How-To Setup GPU resources v1.3.6 (LTS)
The March 2026 Innovation Release of EDB Postgres AI is available. For more information, see the release notes.
Prerequisite: Access to the Hybrid Manager UI with AI Factory enabled. See AI Factory in Hybrid Manager.
Use this guide to prepare GPU resources in your Kubernetes cluster (Hybrid Manager or compatible) to support Model Serving with KServe.
Goal
Prepare your cluster to run GPU-based Model Serving workloads using KServe.
Estimated time
20–40 minutes (provisioning depends on your cloud provider).
What you accomplish
- Provision GPU node groups/pools in your cluster.

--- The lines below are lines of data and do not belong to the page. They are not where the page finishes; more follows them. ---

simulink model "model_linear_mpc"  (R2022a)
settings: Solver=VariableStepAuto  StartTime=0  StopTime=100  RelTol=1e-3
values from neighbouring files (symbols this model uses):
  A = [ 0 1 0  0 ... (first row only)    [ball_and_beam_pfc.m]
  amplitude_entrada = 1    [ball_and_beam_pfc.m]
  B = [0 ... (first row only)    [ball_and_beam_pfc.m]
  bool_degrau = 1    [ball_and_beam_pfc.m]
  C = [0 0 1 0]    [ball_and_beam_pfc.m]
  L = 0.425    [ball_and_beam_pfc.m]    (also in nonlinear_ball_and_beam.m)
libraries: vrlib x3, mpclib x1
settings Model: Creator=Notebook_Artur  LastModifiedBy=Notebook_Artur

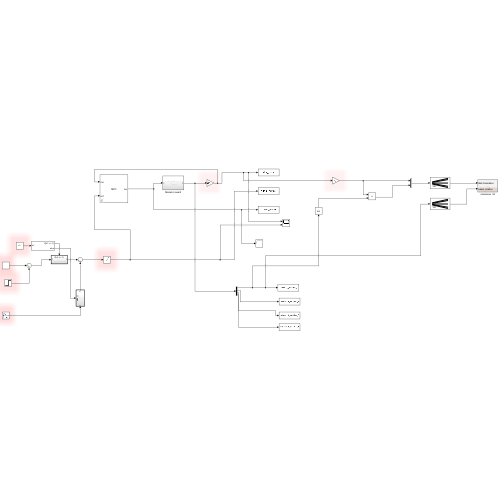
[thumbnail: Simulink's stored preview of the top-level diagram]
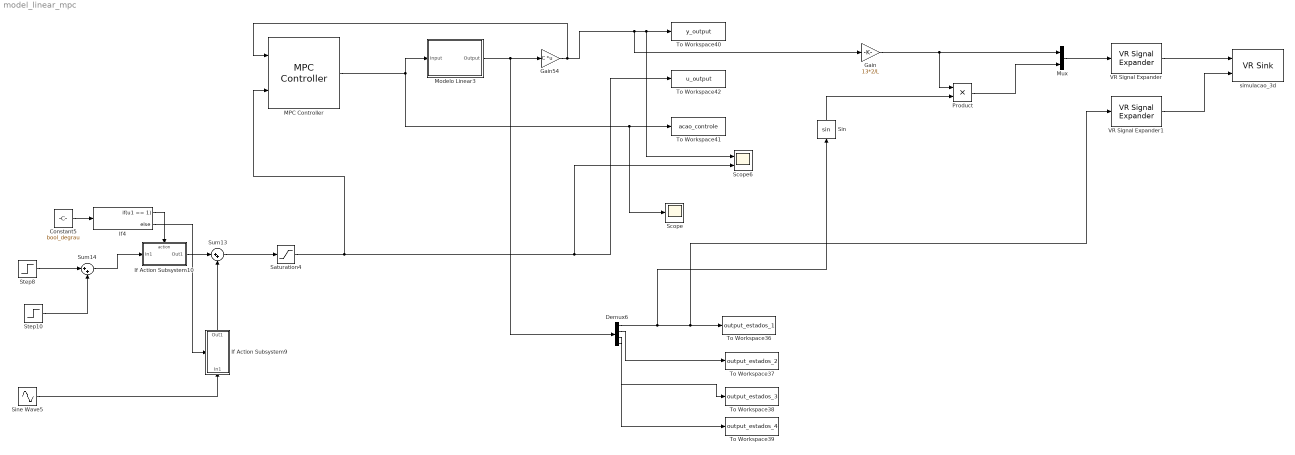
== system model_linear_mpc ==
  Constant5 : Constant  Value=bool_degrau
  Demux6 : Demux
  Gain : Gain  Gain=13*2/L
  Gain54 : Gain  Gain=C  Multiplication=Matrix(K*u)
  If Action Subsystem10 : Subsystem  TreatAsAtomicUnit=on
  If Action Subsystem9 : Subsystem  TreatAsAtomicUnit=on
  If4 : If  IfExpression=u1 == 1
  MPC Controller : mpclib/MPC Controller  SCDEnableBlockLinearizationSpecification=on  mpcobj=mpc1  is_multiple=0  enable_value=0  return_u0=off  updateMPCinCallerWorkspace=on  md_inport=off  mv_inport=off  uref_inport=off  return_cost=off  return_mvseq=off  return_qpstatus=off  return_xseq=off  return_state=off  return_ovseq=off  state_inport=off  umin_inport=off  umax_inport=off  ymin_inport=off  ymax_inport=off  cc_inport=off  ywt_inport=off  uwt_inport=off  duwt_inport=off  rhoeps_inport=off  pm_inport=off  MaximumP=10  HorizonChoice=FixedHorizon  n_ts=0.1  n_p=10  n_mv=1  n_md=0  n_ud=0  n_mo=1  n_uo=0  BlockDataType=double  SampleTimeInherited=off  switch_inport=off
  Modelo Linear3 : Subsystem
  Mux : Mux  Inputs=2
  Product : Product
  Saturation4 : Saturate  UpperLimit=L/2  LowerLimit=-L/2
  Scope : Scope
  Scope6 : Scope  NumInputPorts=2
  Sin : Trigonometry
  Sine Wave5 : Sin  Amplitude=amplitude_entrada  Frequency=0.1  SampleTime=0
  Step10 : Step  Time=100  After=-2*amplitude_entrada  SampleTime=0
  Step8 : Step  After=amplitude_entrada  SampleTime=0
  Sum13 : Sum  Inputs=|++
  Sum14 : Sum  Inputs=|++
  To Workspace36 : ToWorkspace  VariableName=output_estados_1  SaveFormat=Timeseries  SampleTime=-1
  To Workspace37 : ToWorkspace  VariableName=output_estados_2  SaveFormat=Timeseries  SampleTime=-1
  To Workspace38 : ToWorkspace  VariableName=output_estados_3  SaveFormat=Timeseries  SampleTime=-1
  To Workspace39 : ToWorkspace  VariableName=output_estados_4  SaveFormat=Timeseries  SampleTime=-1
  To Workspace40 : ToWorkspace  VariableName=y_output  SaveFormat=Timeseries  SampleTime=-1
  To Workspace41 : ToWorkspace  VariableName=acao_controle  SaveFormat=Timeseries  SampleTime=-1
  To Workspace42 : ToWorkspace  VariableName=u_output  SaveFormat=Timeseries  SampleTime=-1
  VR Signal Expander : vrlib/VR Signal Expander  outwidth=3  outidx=[1 3]
  VR Signal Expander1 : vrlib/VR Signal Expander  outwidth=4  outidx=[4]
  simulacao_3d : vrlib/VR Sink  InstantiateOnLoad=on  SampleTime=0.1  ViewEnable=on  RemoteChange=off  RemoteView=off  FieldsWritten=Ball.translation.3.1.1.double#beam.rotation.4.1.1.double  WorldFileName=3d_ball_and_beam4.x3d  AutoView=on  VideoDimensions=[]  AllowVariableSize=off
  wires:
  MPC Controller/1 -> Scope/1, To Workspace41/1, Modelo Linear3/1(Input)
  Saturation4/1 -> MPC Controller/2, Scope6/2, To Workspace42/1
  Step10/1 -> Sum14/2
  If4/2 -> If Action Subsystem9/Action
  If Action Subsystem9/1(Out1) -> Sum13/2
  Modelo Linear3/1(Output) -> Demux6/1, Gain54/1
  If4/1 -> If Action Subsystem10/Action
  Sine Wave5/1 -> If Action Subsystem9/1(In1)
  Demux6/3 -> To Workspace38/1
  Demux6/4 -> To Workspace39/1
  Sum13/1 -> Saturation4/1
  If Action Subsystem10/1(Out1) -> Sum13/1
  Demux6/2 -> To Workspace37/1
  Sum14/1 -> If Action Subsystem10/1(In1)
  Step8/1 -> Sum14/1
  Constant5/1 -> If4/1
  Demux6/1 -> VR Signal Expander1/1, To Workspace36/1, Sin/1
  VR Signal Expander/1 -> simulacao_3d/1
  VR Signal Expander1/1 -> simulacao_3d/2
  Product/1 -> Mux/2
  Gain/1 -> Mux/1, Product/1
  Mux/1 -> VR Signal Expander/1
  Sin/1 -> Product/2
  Gain54/1 -> MPC Controller/1, Gain/1, Scope6/1, To Workspace40/1

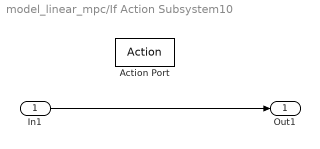
== system model_linear_mpc/If Action Subsystem10 ==
  In1 : Inport
  Action Port : ActionPort  ActionPortLabel=if(u1 == 1)
  Out1 : Outport
  wires:
  In1/1 -> Out1/1

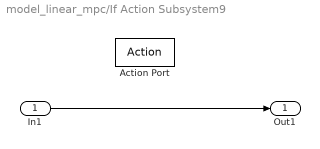
== system model_linear_mpc/If Action Subsystem9 ==
  In1 : Inport
  Action Port : ActionPort  ActionPortLabel=else
  Out1 : Outport
  wires:
  In1/1 -> Out1/1

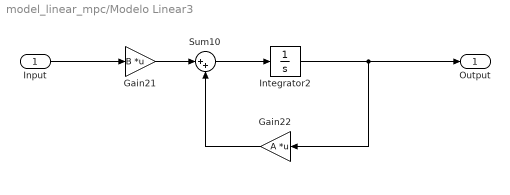
== system model_linear_mpc/Modelo Linear3 ==
  Input : Inport
  Gain21 : Gain  Gain=B  Multiplication=Matrix(K*u)
  Gain22 : Gain  Gain=A  Multiplication=Matrix(K*u)
  Integrator2 : Integrator
  Sum10 : Sum  Inputs=|++
  Output : Outport
  wires:
  Input/1 -> Gain21/1
  Gain22/1 -> Sum10/2
  Integrator2/1 -> Output/1, Gain22/1
  Gain21/1 -> Sum10/1
  Sum10/1 -> Integrator2/1

- Label and taint GPU nodes correctly.
- Deploy the NVIDIA device plugin DaemonSet.
- Store your NVIDIA API key as a Kubernetes secret.
- Enable your cluster to run NIM model containers in KServe.
Prerequisites
- Access to a Kubernetes cluster with appropriate permissions.
- Administrative access to provision node groups (AWS EKS / GCP GKE / RHOS).
- NVIDIA API key for accessing NIM models.
- Familiarity with
kubectl.
Provision GPU nodes
Provision GPU node groups (EKS) or node pools (GKE/RHOS):
- Use instances with L40S or A100 GPUs (for example,
g6e.12xlargeon AWS ora2-highgpu-4gon GCP). - Recommended: at least one node with four GPUs for large models.
Label and taint GPU nodes
kubectl label node <gpu-node-name> nvidia.com/gpu=true kubectl taint nodes <gpu-node-name> nvidia.com/gpu=true:NoSchedule
Deploy the NVIDIA device plugin
kubectl create -f https://raw.githubusercontent.com/NVIDIA/k8s-device-plugin/v0.14.1/nvidia-device-plugin.yml kubectl get ds -n kube-system nvidia-device-plugin-daemonset
Store NVIDIA API key as Kubernetes secret
kubectl create secret generic nvidia-nim-secrets --from-literal=NGC_API_KEY=<your_NVIDIA_API_KEY>
This secret is used by ClusterServingRuntime for NIM models.